И вот опять Катя в селе Котоваськино.

Сороки клювы разинули:

— Здрасьте! Опять тут девчонка да еще с гусенком!

Идут оба селом. Где пройдет гусенок белый, там чисто-светло. Яблони белы, будто облил их кто молоком. Трубы закопченные — как выбелили мелом. Закричали сороки:

— Вот напасть так напасть! Теперь не то что девчонку, иголки не украсть. На белом видать нас, пестрых.

Наливает кот Васька в умывальник воду, встречает гостью.

ПЕЧНЫЕ ДОМОВЫЕ

Хороша печка у кота Васьки — высокая, белая, занавески красные.

Помогают Ваське с печкой управляться печные домовые — три братца. Внизу старший живет — Поддувало, пузырями щеки. На самом верху, за маленькой дверцей, ютится младший.

Зовут его Вьюшка, чумазый, маленький, кудри, как стружки. Средний — Шесток на шестке живет, глаза кошачьи, зеленые, толстый живот.

У каждого брата есть дело. Шесток в горшках мешает, чтоб не подгорело. Поддувало дует в поддувало, его дело, чтоб в печке пылало. Маленький Вьюшка — тоже работяга, он вьюшку открывает, чтобы была тяга. Протопится печка — на боковую все трое.

А однажды случилось такое. Печь протопилась, Поддувало храпел на боку, легонький Вьюшка от скуки расхаживал по потолку. Толстый Шесток выскребал большой ложкой горшок с кашей.

В дверь кто-то поскребся.

— Кто там?

— Я, щенок Заплатка. Пустите погреться, замерзли лапы.

Проворчал Поддувало:

— Не лезь, косолапый.

Заплатка просунул в дверь нос. Шесток дверь захлопнул:

— Ишь, нашелся гость!

Вьюшка маленький просит:

— Братцы, пустим Заплатку!

Шесток заворчал:

— А вот мы в тебя поленом запустим!

Поджал Заплатка хвост — и в сени. Вдруг треск раздался и гром, пол заходил ходуном. Вся изба ходуном пошла — печь с места сошла. Прогудела в трубу басом:

— Я с вами жить не согласна!

Закачалась труба на крыше. Печь двери толкнула и вышла.

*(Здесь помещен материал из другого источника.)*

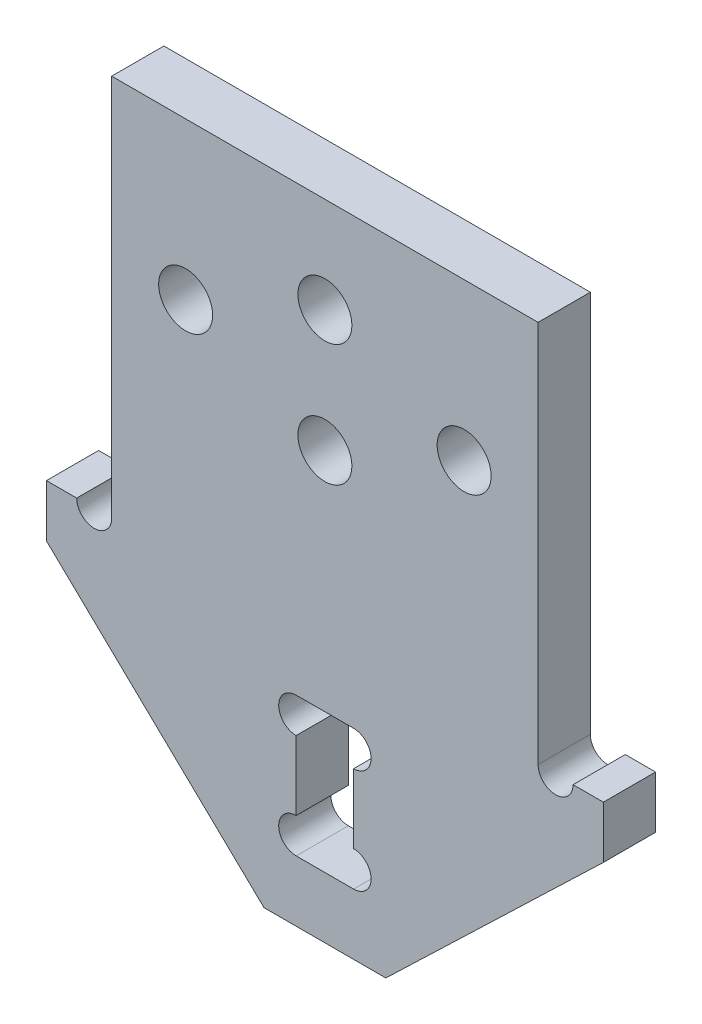
ISO-10303-21;
HEADER;
FILE_DESCRIPTION(('STEP AP214'),'2;1');
FILE_NAME('part.step','',(''),(''),'','','');
FILE_SCHEMA(('AUTOMOTIVE_DESIGN { 1 0 10303 214 1 1 1 1 }'));
ENDSEC;
DATA;
#1=APPLICATION_CONTEXT('core data for automotive mechanical design processes');
#2=APPLICATION_PROTOCOL_DEFINITION('international standard','automotive_design',2000,#1);
#3=PRODUCT_CONTEXT('',#1,'mechanical');
#4=PRODUCT('Part','Part','',(#3));
#5=PRODUCT_RELATED_PRODUCT_CATEGORY('part','',(#4));
#6=PRODUCT_DEFINITION_FORMATION('','',#4);
#7=PRODUCT_DEFINITION_CONTEXT('part definition',#1,'design');
#8=PRODUCT_DEFINITION('design','',#6,#7);
#9=PRODUCT_DEFINITION_SHAPE('','',#8);
#10=(LENGTH_UNIT() NAMED_UNIT(*) SI_UNIT(.MILLI.,.METRE.));
#11=(NAMED_UNIT(*) PLANE_ANGLE_UNIT() SI_UNIT($,.RADIAN.));
#12=(NAMED_UNIT(*) SI_UNIT($,.STERADIAN.) SOLID_ANGLE_UNIT());
#13=UNCERTAINTY_MEASURE_WITH_UNIT(LENGTH_MEASURE(1.E-05),#10,'distance_accuracy_value','');
#14=(GEOMETRIC_REPRESENTATION_CONTEXT(3) GLOBAL_UNCERTAINTY_ASSIGNED_CONTEXT((#13)) GLOBAL_UNIT_ASSIGNED_CONTEXT((#10,
#11,#12)) REPRESENTATION_CONTEXT('',''));
#15=CARTESIAN_POINT('',(0.,0.,0.));
#16=DIRECTION('',(0.,0.,1.));
#17=DIRECTION('',(1.,0.,0.));
#18=AXIS2_PLACEMENT_3D('',#15,#16,#17);
#19=CARTESIAN_POINT('',(13.255,-11.,3.));
#20=DIRECTION('',(0.,0.,-1.));
#21=DIRECTION('',(-1.,0.,0.));
#22=AXIS2_PLACEMENT_3D('',#19,#20,#21);
#23=CYLINDRICAL_SURFACE('',#22,1.005);
#24=CARTESIAN_POINT('',(13.255,-11.,0.));
#25=DIRECTION('',(0.,0.,1.));
#26=DIRECTION('',(1.,0.,0.));
#27=AXIS2_PLACEMENT_3D('',#24,#25,#26);
#28=CIRCLE('',#27,1.005);
#29=CARTESIAN_POINT('',(12.25,-11.,0.));
#30=VERTEX_POINT('',#29);
#31=CARTESIAN_POINT('',(14.26,-11.,0.));
#32=VERTEX_POINT('',#31);
#33=EDGE_CURVE('E387',#30,#32,#28,.T.);
#34=ORIENTED_EDGE('',*,*,#33,.F.);
#35=DIRECTION('',(0.,0.,-1.));
#36=VECTOR('',#35,1.);
#37=CARTESIAN_POINT('',(12.25,-11.,3.));
#38=LINE('',#37,#36);
#39=CARTESIAN_POINT('',(12.25,-11.,3.));
#40=VERTEX_POINT('',#39);
#41=EDGE_CURVE('E12',#40,#30,#38,.T.);
#42=ORIENTED_EDGE('',*,*,#41,.F.);
#43=CARTESIAN_POINT('',(13.255,-11.,3.));
#44=DIRECTION('',(0.,0.,1.));
#45=DIRECTION('',(1.,0.,0.));
#46=AXIS2_PLACEMENT_3D('',#43,#44,#45);
#47=CIRCLE('',#46,1.005);
#48=CARTESIAN_POINT('',(14.26,-11.,3.));
#49=VERTEX_POINT('',#48);
#50=EDGE_CURVE('E244',#40,#49,#47,.T.);
#51=ORIENTED_EDGE('',*,*,#50,.T.);
#52=DIRECTION('',(0.,0.,-1.));
#53=VECTOR('',#52,1.);
#54=CARTESIAN_POINT('',(14.26,-11.,3.));
#55=LINE('',#54,#53);
#56=EDGE_CURVE('E56',#49,#32,#55,.T.);
#57=ORIENTED_EDGE('',*,*,#56,.T.);
#58=EDGE_LOOP('',(#34,#42,#51,#57));
#59=FACE_BOUND('',#58,.T.);
#60=ADVANCED_FACE('F37',(#59),#23,.F.);
#61=CARTESIAN_POINT('',(12.25,0.,3.));
#62=DIRECTION('',(-1.,0.,0.));
#63=DIRECTION('',(0.,-1.,0.));
#64=AXIS2_PLACEMENT_3D('',#61,#62,#63);
#65=PLANE('',#64);
#66=DIRECTION('',(0.,1.,0.));
#67=VECTOR('',#66,1.);
#68=CARTESIAN_POINT('',(12.25,0.,0.));
#69=LINE('',#68,#67);
#70=CARTESIAN_POINT('',(12.25,11.,0.));
#71=VERTEX_POINT('',#70);
#72=EDGE_CURVE('E389',#30,#71,#69,.T.);
#73=ORIENTED_EDGE('',*,*,#72,.T.);
#74=DIRECTION('',(0.,0.,-1.));
#75=VECTOR('',#74,1.);
#76=CARTESIAN_POINT('',(12.25,11.,3.));
#77=LINE('',#76,#75);
#78=CARTESIAN_POINT('',(12.25,11.,3.));
#79=VERTEX_POINT('',#78);
#80=EDGE_CURVE('E47',#79,#71,#77,.T.);
#81=ORIENTED_EDGE('',*,*,#80,.F.);
#82=DIRECTION('',(0.,1.,0.));
#83=VECTOR('',#82,1.);
#84=CARTESIAN_POINT('',(12.25,0.,3.));
#85=LINE('',#84,#83);
#86=EDGE_CURVE('E240',#40,#79,#85,.T.);
#87=ORIENTED_EDGE('',*,*,#86,.F.);
#88=ORIENTED_EDGE('',*,*,#41,.T.);
#89=EDGE_LOOP('',(#73,#81,#87,#88));
#90=FACE_BOUND('',#89,.T.);
#91=ADVANCED_FACE('F440',(#90),#65,.F.);
#92=CARTESIAN_POINT('',(0.,11.,3.));
#93=DIRECTION('',(0.,-1.,0.));
#94=DIRECTION('',(1.,0.,0.));
#95=AXIS2_PLACEMENT_3D('',#92,#93,#94);
#96=PLANE('',#95);
#97=DIRECTION('',(-1.,0.,0.));
#98=VECTOR('',#97,1.);
#99=CARTESIAN_POINT('',(0.,11.,0.));
#100=LINE('',#99,#98);
#101=CARTESIAN_POINT('',(-12.25,11.,0.));
#102=VERTEX_POINT('',#101);
#103=EDGE_CURVE('E392',#71,#102,#100,.T.);
#104=ORIENTED_EDGE('',*,*,#103,.T.);
#105=DIRECTION('',(0.,0.,-1.));
#106=VECTOR('',#105,1.);
#107=CARTESIAN_POINT('',(-12.25,11.,3.));
#108=LINE('',#107,#106);
#109=CARTESIAN_POINT('',(-12.25,11.,3.));
#110=VERTEX_POINT('',#109);
#111=EDGE_CURVE('E329',#110,#102,#108,.T.);
#112=ORIENTED_EDGE('',*,*,#111,.F.);
#113=DIRECTION('',(-1.,0.,0.));
#114=VECTOR('',#113,1.);
#115=CARTESIAN_POINT('',(0.,11.,3.));
#116=LINE('',#115,#114);
#117=EDGE_CURVE('E237',#79,#110,#116,.T.);
#118=ORIENTED_EDGE('',*,*,#117,.F.);
#119=ORIENTED_EDGE('',*,*,#80,.T.);
#120=EDGE_LOOP('',(#104,#112,#118,#119));
#121=FACE_BOUND('',#120,.T.);
#122=ADVANCED_FACE('F437',(#121),#96,.F.);
#123=CARTESIAN_POINT('',(-12.25,0.,3.));
#124=DIRECTION('',(-1.,0.,0.));
#125=DIRECTION('',(0.,0.,1.));
#126=AXIS2_PLACEMENT_3D('',#123,#124,#125);
#127=PLANE('',#126);
#128=DIRECTION('',(0.,1.,0.));
#129=VECTOR('',#128,1.);
#130=CARTESIAN_POINT('',(-12.25,0.,0.));
#131=LINE('',#130,#129);
#132=CARTESIAN_POINT('',(-12.25,-11.,0.));
#133=VERTEX_POINT('',#132);
#134=EDGE_CURVE('E395',#133,#102,#131,.T.);
#135=ORIENTED_EDGE('',*,*,#134,.F.);
#136=DIRECTION('',(0.,0.,-1.));
#137=VECTOR('',#136,1.);
#138=CARTESIAN_POINT('',(-12.25,-11.,3.));
#139=LINE('',#138,#137);
#140=CARTESIAN_POINT('',(-12.25,-11.,3.));
#141=VERTEX_POINT('',#140);
#142=EDGE_CURVE('E327',#141,#133,#139,.T.);
#143=ORIENTED_EDGE('',*,*,#142,.F.);
#144=DIRECTION('',(0.,1.,0.));
#145=VECTOR('',#144,1.);
#146=CARTESIAN_POINT('',(-12.25,0.,3.));
#147=LINE('',#146,#145);
#148=EDGE_CURVE('E234',#141,#110,#147,.T.);
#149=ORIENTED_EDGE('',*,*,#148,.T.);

Ждали, ждали братья — не возвращается печка. Надо идти ее искать, делать нечего. Улицу прошли — ее и след простыл. Вышли на Протоку — и здесь печки нет. Дрожат печные на ветру, на морозе. Спрятались от ветра в роще березовой.

Потянул Поддувало носом:

— Откуда-то дым наносит.

Пошли туда, откуда дым, и к деревне Мышихе вышли. Стали стучаться в дома:

— Мы — печные домовые. Нам бы пообедать.

Не открывают мыши:

— А что вы умеете делать?

— Я дую в топку из поддувала.

— Я слежу, чтобы каша не пригорала.

— Я открываю и закрываю вьюшку.

Кривятся мыши:

— Работники вы никудышные. Нам таких не надо.

— Замерзнем теперь, — захныкал Поддувало.

Заохал Шесток:

— Плохо дело наше. Эх, не припас я на черный день каши!

А Вьюшка затянул пояс потуже:

— Нам плохо братцы, а коту Ваське еще хуже. Холодно и есть Ваське нечего. Надо сложить ему новую печку.